O tom de comédia de algumas cenas dá todo um ar mais leve ao enredo, afinal, viagem no tempo e para um lugar completamente estranho, com costumes muito diferentes, é bastante tenso. Eu ri quando me dei conta que, assim como Sofia, duvidei da extrema bondade de Ian inicialmente, prova de que os tempos modernos realmente mexeram com a gente, que fica com o pé atrás com um ato de bondade tão espontâneo.

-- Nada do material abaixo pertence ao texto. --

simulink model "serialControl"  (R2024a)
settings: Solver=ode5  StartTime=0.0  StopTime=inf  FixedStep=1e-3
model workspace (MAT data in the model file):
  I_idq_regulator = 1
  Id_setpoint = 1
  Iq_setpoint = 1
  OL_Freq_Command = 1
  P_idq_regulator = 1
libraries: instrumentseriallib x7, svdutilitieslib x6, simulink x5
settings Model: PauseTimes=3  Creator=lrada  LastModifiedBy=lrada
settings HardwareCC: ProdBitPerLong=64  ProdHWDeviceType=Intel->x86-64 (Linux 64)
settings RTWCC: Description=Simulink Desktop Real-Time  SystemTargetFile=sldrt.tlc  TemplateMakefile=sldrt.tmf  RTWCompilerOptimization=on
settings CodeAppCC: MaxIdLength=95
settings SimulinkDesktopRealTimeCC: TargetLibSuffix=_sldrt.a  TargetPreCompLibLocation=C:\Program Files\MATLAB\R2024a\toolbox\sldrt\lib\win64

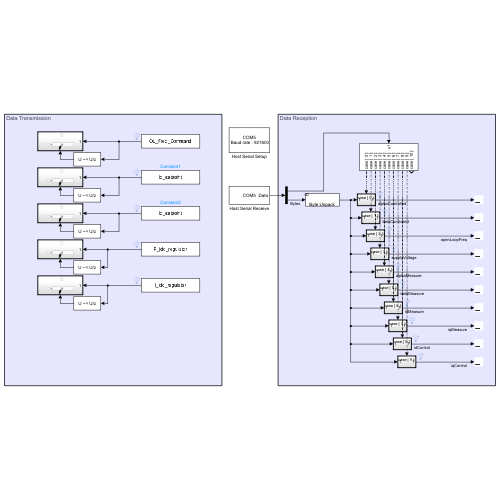
[thumbnail: Simulink's stored preview of the top-level diagram]
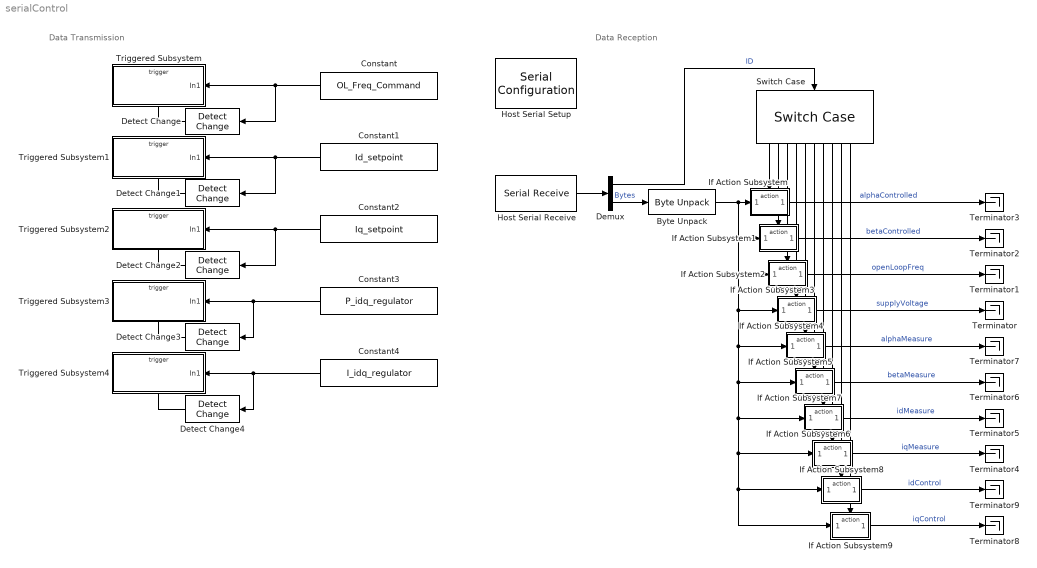
== system serialControl ==
  note: Data Reception
  note: Data Transmission
  Byte Unpack : svdutilitieslib/Byte Unpack  dimensions={[1]}  datatypes={'single'}  byteAlign=1  blockPlatform=arduinoert
      settings: LibrarySourceBlock=mcblib/Signal Management/Byte Unpack
  Constant : Constant  Value=OL_Freq_Command  OutDataTypeStr=single
  Constant1 : Constant  Value=Id_setpoint  OutDataTypeStr=single
  Constant2 : Constant  Value=Iq_setpoint  OutDataTypeStr=single
  Constant3 : Constant  Value=P_idq_regulator  OutDataTypeStr=single
  Constant4 : Constant  Value=I_idq_regulator  OutDataTypeStr=single
  Demux : Demux  Outputs=[1 4]
  Detect Change{,1..4} (5 alike) : simulink/Logic and Bit Operations/Detect Change  vinit=0  OutDataTypeStr=boolean
  Host Serial Receive : instrumentseriallib/Serial Receive  PortSel=COM5  Port=COM5  ComPort=COM5  DataType=uint8  SaveDataType=uint8  ToggleHeader=off  Header='S'  ToggleDataSize=on  DataSize=5  ToggleTerminator=on  Terminator=Custom terminator  CustomTerminator='EOF'  InputFormat=Column major  EnableBlockingMode=on  ActionDataUnavailable=Output last received value  ActionWhenDataUnavailable=Output last received value  CustomValue=0  SampleTime=1e-3  SimulateUsing=Interpreted execution  BlockInModel=on  aMode=5
      settings: LibrarySourceBlock=mcblib/Protection and Diagnostics/Host Serial Receive
  Host Serial Setup : instrumentseriallib/Serial Configuration  Priority=-99  PortSel=COM5  Port=COM5  ComPort=COM5  BaudRate=921600  DataBits=8  Parity=none  StopBits=1  ByteOrder=little-endian  FlowControl=none  Timeout=1.0  SimulateUsing=Interpreted execution  BlockInModel=on  aMode=5
      settings: LibrarySourceBlock=mcblib/Protection and Diagnostics/Host Serial Setup
  If Action Subsystem : Subsystem  TreatAsAtomicUnit=on
  If Action Subsystem1 : Subsystem  TreatAsAtomicUnit=on
  If Action Subsystem2 : Subsystem  TreatAsAtomicUnit=on
  If Action Subsystem3 : Subsystem  TreatAsAtomicUnit=on
  If Action Subsystem4 : Subsystem  TreatAsAtomicUnit=on
  If Action Subsystem5 : Subsystem  TreatAsAtomicUnit=on
  If Action Subsystem6 : Subsystem  TreatAsAtomicUnit=on
  If Action Subsystem7 : Subsystem  TreatAsAtomicUnit=on
  If Action Subsystem8 : Subsystem  TreatAsAtomicUnit=on
  If Action Subsystem9 : Subsystem  TreatAsAtomicUnit=on
  Switch Case : SwitchCase  CaseConditions={0,1,2,3,4,5,6,7,8,9,10}  ShowDefaultCase=off
  Terminator{,1..9} (10 alike) : Terminator
  Triggered Subsystem : Subsystem  TreatAsAtomicUnit=on
  Triggered Subsystem1 : Subsystem  TreatAsAtomicUnit=on
  Triggered Subsystem2 : Subsystem  TreatAsAtomicUnit=on
  Triggered Subsystem3 : Subsystem  TreatAsAtomicUnit=on
  Triggered Subsystem4 : Subsystem  TreatAsAtomicUnit=on
  wires:
  Demux/1 -> Switch Case/1  "ID"
  Demux/2 -> Byte Unpack/1  "Bytes"
  Switch Case/1 -> If Action Subsystem/Action
  Switch Case/2 -> If Action Subsystem1/Action
  Switch Case/3 -> If Action Subsystem2/Action
  Switch Case/4 -> If Action Subsystem3/Action
  Host Serial Receive/1 -> Demux/1
  If Action Subsystem3/1(Out1) -> Terminator/1  "supplyVoltage"
  If Action Subsystem2/1(Out1) -> Terminator1/1  "openLoopFreq"
  If Action Subsystem1/1(Out1) -> Terminator2/1  "betaControlled"
  If Action Subsystem/1(Out1) -> Terminator3/1  "alphaControlled"
  Constant/1 -> Detect Change/1, Triggered Subsystem/1(In1)
  Detect Change/1 -> Triggered Subsystem/Trigger
  If Action Subsystem4/1(Out1) -> Terminator7/1  "alphaMeasure"
  Switch Case/6 -> If Action Subsystem5/Action
  If Action Subsystem6/1(Out1) -> Terminator4/1  "iqMeasure"
  If Action Subsystem5/1(Out1) -> Terminator6/1  "betaMeasure"
  Switch Case/5 -> If Action Subsystem4/Action
  Switch Case/7 -> If Action Subsystem7/Action
  Switch Case/8 -> If Action Subsystem6/Action
  If Action Subsystem7/1(Out1) -> Terminator5/1  "idMeasure"
  Switch Case/9 -> If Action Subsystem8/Action
  Byte Unpack/1 -> If Action Subsystem/1(In1), If Action Subsystem1/1(In1), If Action Subsystem2/1(In1), If Action Subsystem3/1(In1), If Action Subsystem4/1(In1), If Action Subsystem5/1(In1), If Action Subsystem7/1(In1), If Action Subsystem9/1(In1), If Action Subsystem8/1(In1), If Action Subsystem6/1(In1)
  Switch Case/10 -> If Action Subsystem9/Action
  If Action Subsystem9/1(Out1) -> Terminator8/1  "iqControl"
  If Action Subsystem8/1(Out1) -> Terminator9/1  "idControl"
  Detect Change1/1 -> Triggered Subsystem1/Trigger
  Constant1/1 -> Detect Change1/1, Triggered Subsystem1/1(In1)
  Constant2/1 -> Detect Change2/1, Triggered Subsystem2/1(In1)
  Detect Change2/1 -> Triggered Subsystem2/Trigger
  Detect Change3/1 -> Triggered Subsystem3/Trigger
  Constant3/1 -> Detect Change3/1, Triggered Subsystem3/1(In1)
  Constant4/1 -> Detect Change4/1, Triggered Subsystem4/1(In1)
  Detect Change4/1 -> Triggered Subsystem4/Trigger

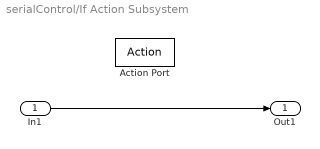
== system serialControl/If Action Subsystem ==
  In1 : Inport
  Action Port : ActionPort  ActionPortLabel=case [ 0 ]:
  Out1 : Outport
  wires:
  In1/1 -> Out1/1

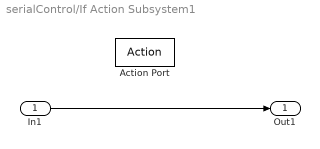
== system serialControl/If Action Subsystem1 ==
  In1 : Inport
  Action Port : ActionPort  ActionPortLabel=case [ 1 ]:
  Out1 : Outport
  wires:
  In1/1 -> Out1/1

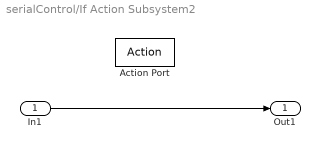
== system serialControl/If Action Subsystem2 ==
  In1 : Inport
  Action Port : ActionPort  ActionPortLabel=case [ 2 ]:
  Out1 : Outport
  wires:
  In1/1 -> Out1/1

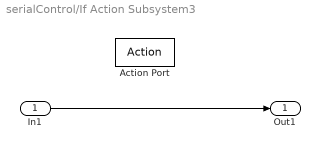
== system serialControl/If Action Subsystem3 ==
  In1 : Inport
  Action Port : ActionPort  ActionPortLabel=case [ 3 ]:
  Out1 : Outport
  wires:
  In1/1 -> Out1/1

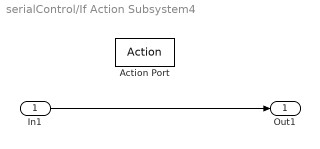
== system serialControl/If Action Subsystem4 ==
  In1 : Inport
  Action Port : ActionPort  ActionPortLabel=case [ 4 ]:
  Out1 : Outport
  wires:
  In1/1 -> Out1/1

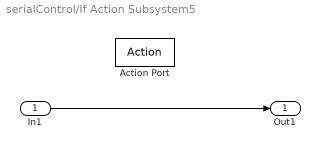
== system serialControl/If Action Subsystem5 ==
  In1 : Inport
  Action Port : ActionPort  ActionPortLabel=case [ 5 ]:
  Out1 : Outport
  wires:
  In1/1 -> Out1/1

== system serialControl/If Action Subsystem6 ==
  In1 : Inport
  Action Port : ActionPort  ActionPortLabel=case [ 7 ]:
  Out1 : Outport
  wires:
  In1/1 -> Out1/1

== system serialControl/If Action Subsystem7 ==
  In1 : Inport
  Action Port : ActionPort  ActionPortLabel=case [ 6 ]:
  Out1 : Outport
  wires:
  In1/1 -> Out1/1

== system serialControl/If Action Subsystem8 ==
  In1 : Inport
  Action Port : ActionPort  ActionPortLabel=case [ 8 ]:
  Out1 : Outport
  wires:
  In1/1 -> Out1/1

== system serialControl/If Action Subsystem9 ==
  In1 : Inport
  Action Port : ActionPort  ActionPortLabel=case [ 9 ]:
  Out1 : Outport
  wires:
  In1/1 -> Out1/1

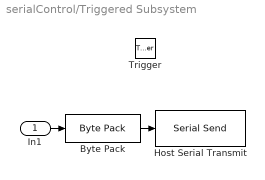
== system serialControl/Triggered Subsystem ==
  In1 : Inport
  Trigger : TriggerPort  VariantControl=(inherit)
  Byte Pack : svdutilitieslib/Byte Pack  maskPackedDataType=uint8  datatypes={'single'}  byteAlign=4  blockPlatform=arduinoert
      settings: LibrarySourceBlock=mcblib/Signal Management/Byte Pack
  Host Serial Transmit : instrumentseriallib/Serial Send  PortSel=COM5  Port=COM5  ComPort=COM5  Header=0  Terminator=<none>  CustomTerminator='E'  EnableBlockingMode=on  SimulateUsing=Interpreted execution  BlockInModel=on  aMode=5
      settings: LibrarySourceBlock=mcblib/Protection and Diagnostics/Host Serial Transmit
  wires:
  Byte Pack/1 -> Host Serial Transmit/1
  In1/1 -> Byte Pack/1

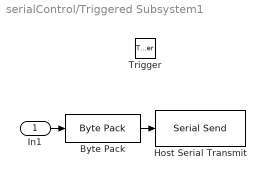
== system serialControl/Triggered Subsystem1 ==
  In1 : Inport
  Trigger : TriggerPort  VariantControl=(inherit)
  Byte Pack : svdutilitieslib/Byte Pack  maskPackedDataType=uint8  datatypes={'single'}  byteAlign=4  blockPlatform=arduinoert
      settings: LibrarySourceBlock=mcblib/Signal Management/Byte Pack
  Host Serial Transmit : instrumentseriallib/Serial Send  PortSel=COM5  Port=COM5  ComPort=COM5  Header=1  Terminator=<none>  CustomTerminator='E'  EnableBlockingMode=on  SimulateUsing=Interpreted execution  BlockInModel=on  aMode=5
      settings: LibrarySourceBlock=mcblib/Protection and Diagnostics/Host Serial Transmit
  wires:
  Byte Pack/1 -> Host Serial Transmit/1
  In1/1 -> Byte Pack/1

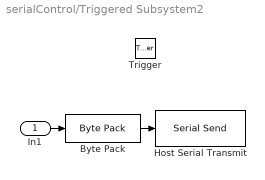
== system serialControl/Triggered Subsystem2 ==
  In1 : Inport
  Trigger : TriggerPort  VariantControl=(inherit)
  Byte Pack : svdutilitieslib/Byte Pack  maskPackedDataType=uint8  datatypes={'single'}  byteAlign=4  blockPlatform=arduinoert
      settings: LibrarySourceBlock=mcblib/Signal Management/Byte Pack
  Host Serial Transmit : instrumentseriallib/Serial Send  PortSel=COM5  Port=COM5  ComPort=COM5  Header=2  Terminator=<none>  CustomTerminator='E'  EnableBlockingMode=on  SimulateUsing=Interpreted execution  BlockInModel=on  aMode=5
      settings: LibrarySourceBlock=mcblib/Protection and Diagnostics/Host Serial Transmit
  wires:
  Byte Pack/1 -> Host Serial Transmit/1
  In1/1 -> Byte Pack/1

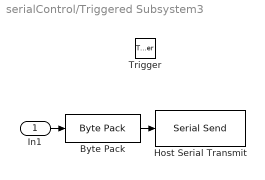
== system serialControl/Triggered Subsystem3 ==
  In1 : Inport
  Trigger : TriggerPort  VariantControl=(inherit)
  Byte Pack : svdutilitieslib/Byte Pack  maskPackedDataType=uint8  datatypes={'single'}  byteAlign=4  blockPlatform=arduinoert
      settings: LibrarySourceBlock=mcblib/Signal Management/Byte Pack
  Host Serial Transmit : instrumentseriallib/Serial Send  PortSel=COM5  Port=COM5  ComPort=COM5  Header=3  Terminator=<none>  CustomTerminator='E'  EnableBlockingMode=on  SimulateUsing=Interpreted execution  BlockInModel=on  aMode=5
      settings: LibrarySourceBlock=mcblib/Protection and Diagnostics/Host Serial Transmit
  wires:
  Byte Pack/1 -> Host Serial Transmit/1
  In1/1 -> Byte Pack/1

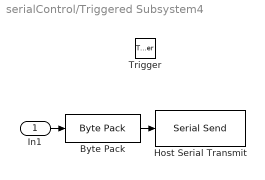
== system serialControl/Triggered Subsystem4 ==
  In1 : Inport
  Trigger : TriggerPort  VariantControl=(inherit)
  Byte Pack : svdutilitieslib/Byte Pack  maskPackedDataType=uint8  datatypes={'single'}  byteAlign=4  blockPlatform=arduinoert
      settings: LibrarySourceBlock=mcblib/Signal Management/Byte Pack
  Host Serial Transmit : instrumentseriallib/Serial Send  PortSel=COM5  Port=COM5  ComPort=COM5  Header=4  Terminator=<none>  CustomTerminator='E'  EnableBlockingMode=on  SimulateUsing=Interpreted execution  BlockInModel=on  aMode=5
      settings: LibrarySourceBlock=mcblib/Protection and Diagnostics/Host Serial Transmit
  wires:
  Byte Pack/1 -> Host Serial Transmit/1
  In1/1 -> Byte Pack/1

Ian é um mocinho encantador, impossível não suspirar com ele e por ele, com sua educação e respeito, sua paixão. E foi muito engraçado ver o seu “encabulamento” com a “safadeza” de Sofia e seu fogo, sua língua solta. O enredo é bem original e eu adorei o final. Imaginei que seria diferente, que haveria alguma outra solução, mas do jeito que foi ficou perfeito!

- Elisa, você sabe o que um homem e uma mulher fazem no quarto quando são casados?

- Eu acredito que eles durmam – ela disse confusa.

- Sim – concordei lentamente – E o que mais?

- Tem mais?

Ai, Deus!

Página 180

Enfim, me diverti muito com a leitura. Era raro não sorrir nas cenas tão bem escritas pela Carina. Entendi completamente o motivo da autora ter tantos fãs e ser muito recomendada. Aqui estou eu, mais uma fã que recomenda fervorosamente o livro. Merece cinco estrelas, com certeza!

Clique de Perdida

Fotoss 011 Início dos capítulos.

 

Agora espero conseguir o outro livro de Carina (Procura-se um marido) com um precinho bem especial também. Beijocas e uma ótima terça-feira.